(Extracted entries)
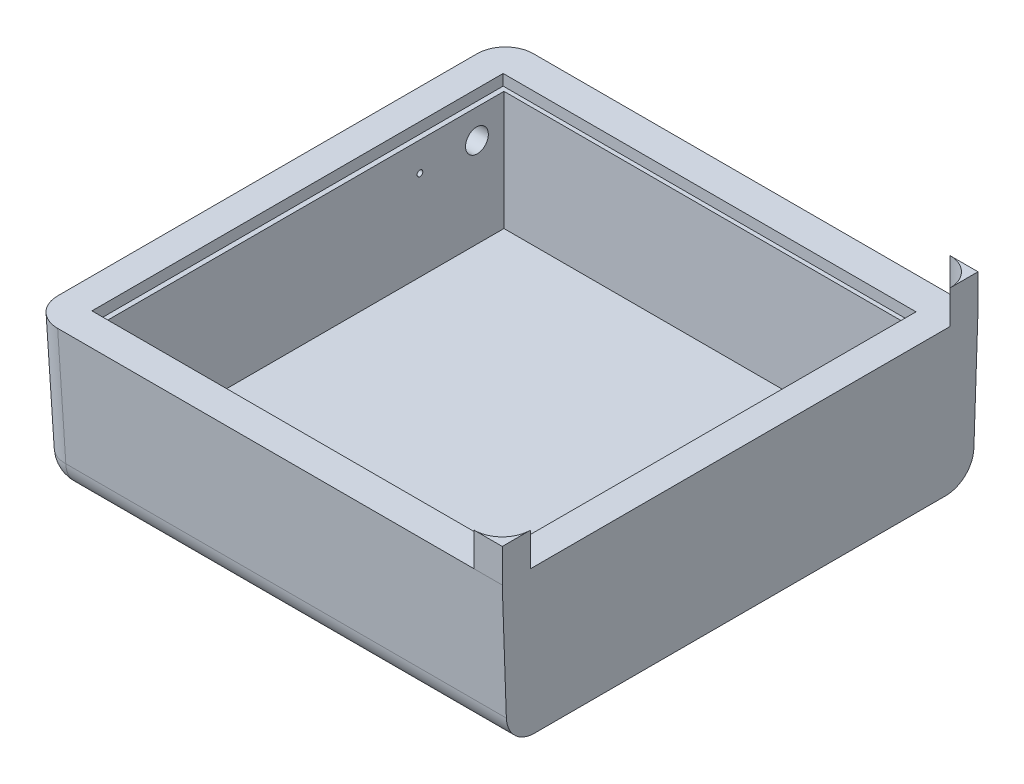
SolidWorks part; units mm, degrees
ref_plane "Front Plane" through (0, 0, 0) normal (0, 0, 1) x (1, 0, 0)
ref_plane "Top Plane" through (0, 0, 0) normal (0, 1, 0) x (1, 0, 0)
ref_plane "Right Plane" through (0, 0, 0) normal (1, 0, 0) x (0, 0, -1)
sketch "Sketch1" plane through (0, 0, 0) normal (0, 1, 0) x (1, 0, 0)
  line L1 (-145.25, -146.05) -> (149.75, -146.05)
  line L2 (-145.25, -146.05) -> (-145.25, 146.05)
  line L3 (-145.25, 146.05) -> (149.75, 146.05)
  line L4 (149.75, -146.05) -> (149.75, 146.05)
  point P0 (-145.25, 0)
  dimension "D1" = 145.25
  dimension "D3" = 292.1
  dimension "D5" = 295
extrude "Boss-Extrude1" add sketch "Sketch1" against normal blind 88.69 draft 2
sketch "Sketch3" plane through (0, 0, 0) normal (0, 1, 0) x (1, 0, 0)
  line L1 (-126.75, -126.25) -> (126.75, -126.25)
  line L4 (126.75, 126.25) -> (126.75, -126.25)
  line L9 (-126.75, 126.25) -> (-126.75, -126.25)
  line L183 (-126.75, 126.25) -> (126.75, 126.25)
  point P1 (-126.75, 0)
  dimension "D2" = 253.5
  dimension "D3" = 126.75
  dimension "D1" = 252.5
extrude "Cut-Extrude3" cut sketch "Sketch3" against normal blind 6.5 draft 2
sketch "Sketch5" plane through (0, -6.5, 0) normal (0, 1, 0) x (1, 0, 0)
  line L1 (-123.5, -123.5) -> (123.5, -123.5)
  line L2 (-123.5, -123.5) -> (-123.5, 123.5)
  line L3 (-123.5, 123.5) -> (123.5, 123.5)
  line L4 (123.5, -123.5) -> (123.5, 123.5)
  line L5 (-123.5, -123.5) -> (123.5, 123.5) construction
  line L6 (-123.5, 123.5) -> (123.5, -123.5) construction
  point P0 (0, 0)
  dimension "D1" = 247
extrude "Cut-Extrude4" cut sketch "Sketch5" against normal blind 70.5 draft 2
sketch "Sketch6" plane through (0, 0, 0) normal (0, 0, 1) x (1, 0, 0)
  line L0 (149.75, 0) -> (145, 0)
  line L1 (-145.25, 0) -> (149.75, 0) construction
  line L2 (145, 0) -> (145, -88.69)
  line L3 (-142.1529, -88.69) -> (146.6529, -88.69) construction
  line L4 (145, -88.69) -> (146.6529, -88.69)
  line L5 (146.6529, -88.69) -> (149.75, 0)
  dimension "D1" = 4.75
extrude "Cut-Extrude5" cut sketch "Sketch6" against normal through all both and the other way through all
fillet "Fillet2" radius 17.27 5 edges at (1.4236, -88.69, -142.9529) (-143.7014, -44.345, -144.5014) (-142.1529, -88.69, 0) (-143.7014, -44.345, 144.5014) (1.4236, -88.69, 142.9529)
sketch "Sketch7" plane through (0, 0, 0) normal (0, 1, 0) x (1, 0, 0)
  line L0 (-31.4885, 0) -> (69.7112, 0) construction
  line L1 (145, 146.05) -> (-127.9905, 146.05) construction
  line L2 (145, 146.05) -> (145, -146.05) construction
  line L3 (145, 128.78) -> (145, 146.05)
  line L4 (145, 146.05) -> (127.73, 146.05)
  line L5 (145, -146.05) -> (127.73, -146.05)
  line L6 (145, -128.78) -> (145, -146.05)
  arc A0 (127.73, 146.05) -> (145, 128.78) centre (127.73, 128.78) cw
  arc A1 (127.73, -146.05) -> (145, -128.78) centre (127.73, -128.78) ccw
  dimension "D1" = 17.27
extrude "Boss-Extrude2" add sketch "Sketch7" along normal blind 20.53
sketch "Sketch8" plane through (-145.0731, -5.0661, 0) normal (-0.9994, -0.0349, 0) x (0, 0, 1)
  line L0 (-128.7905, 5.0692) -> (128.7905, 5.0692) construction
  line L2 (-76, -22.2508) -> (-66.6, -22.2508)
  line L3 (-123.5, -10.8061) -> (-123.5, -2.186) construction
  line L4 (-77, -21.2508) -> (-77, -17.5508)
  line L5 (-76, -16.5508) -> (-66.6, -16.5508)
  line L6 (-65.6, -21.2508) -> (-65.6, -17.5508)
  line L7 (-77, -22.2508) -> (-65.6, -16.5508) construction
  line L8 (-77, -16.5508) -> (-65.6, -22.2508) construction
  circle A0 centre (-106.3, -19.4008) radius 7
  arc A1 (-66.6, -16.5508) -> (-65.6, -17.5508) centre (-66.6, -17.5508) cw
  arc A2 (-66.6, -22.2508) -> (-65.6, -21.2508) centre (-66.6, -21.2508) ccw
  arc A3 (-76, -22.2508) -> (-77, -21.2508) centre (-76, -21.2508) cw
  arc A4 (-77, -17.5508) -> (-76, -16.5508) centre (-76, -17.5508) cw
  point P4 (-71.3, -19.4008)
  dimension "D3" = 14
  dimension "D5" = 1
  dimension "D1" = 24.47
  dimension "D2" = 17.2
  dimension "D4" = 35
  dimension "D6" = 9.4
  dimension "D7" = 3.7
extrude "Cut-Extrude6" cut sketch "Sketch8" against normal up to next contours A0 region at (-144.396, -24.4551, -106.3)
extrude "Cut-Extrude7" cut sketch "Sketch8<3>" against normal blind 5 contours A4 L4 A3 L2 A2 L6 A1 L5 region at (-144.396, -24.4551, -71.3)
sketch "Sketch8<3>" plane through (-145.0731, -5.0661, 0) normal (-0.9994, -0.0349, 0) x (0, 0, 1) same geometry as "Sketch8"
sketch "Sketch9" plane through (-140.0761, -4.8916, 0) normal (-0.9994, -0.0349, 0) x (0, 0, 1)
  line L2 (-65.6, -21.2508) -> (-65.6, -17.5508) construction
  line L3 (-76, -22.2508) -> (-66.6, -22.2508) construction
  circle A0 centre (-71.3, -19.4008) radius 1.75
  point P8 (-65.6, -19.4008)
  point P10 (-71.3, -22.2508)
  dimension "D1" = 3.5
extrude "Cut-Extrude8" cut sketch "Sketch9" against normal up to next

(Work to complete) Only the lines holding the word "contours" belong in the answer; copy them from the listing above.

(Response below)
extrude "Cut-Extrude6" cut sketch "Sketch8" against normal up to next contours A0 region at (-144.396, -24.4551, -106.3)
extrude "Cut-Extrude7" cut sketch "Sketch8<3>" against normal blind 5 contours A4 L4 A3 L2 A2 L6 A1 L5 region at (-144.396, -24.4551, -71.3)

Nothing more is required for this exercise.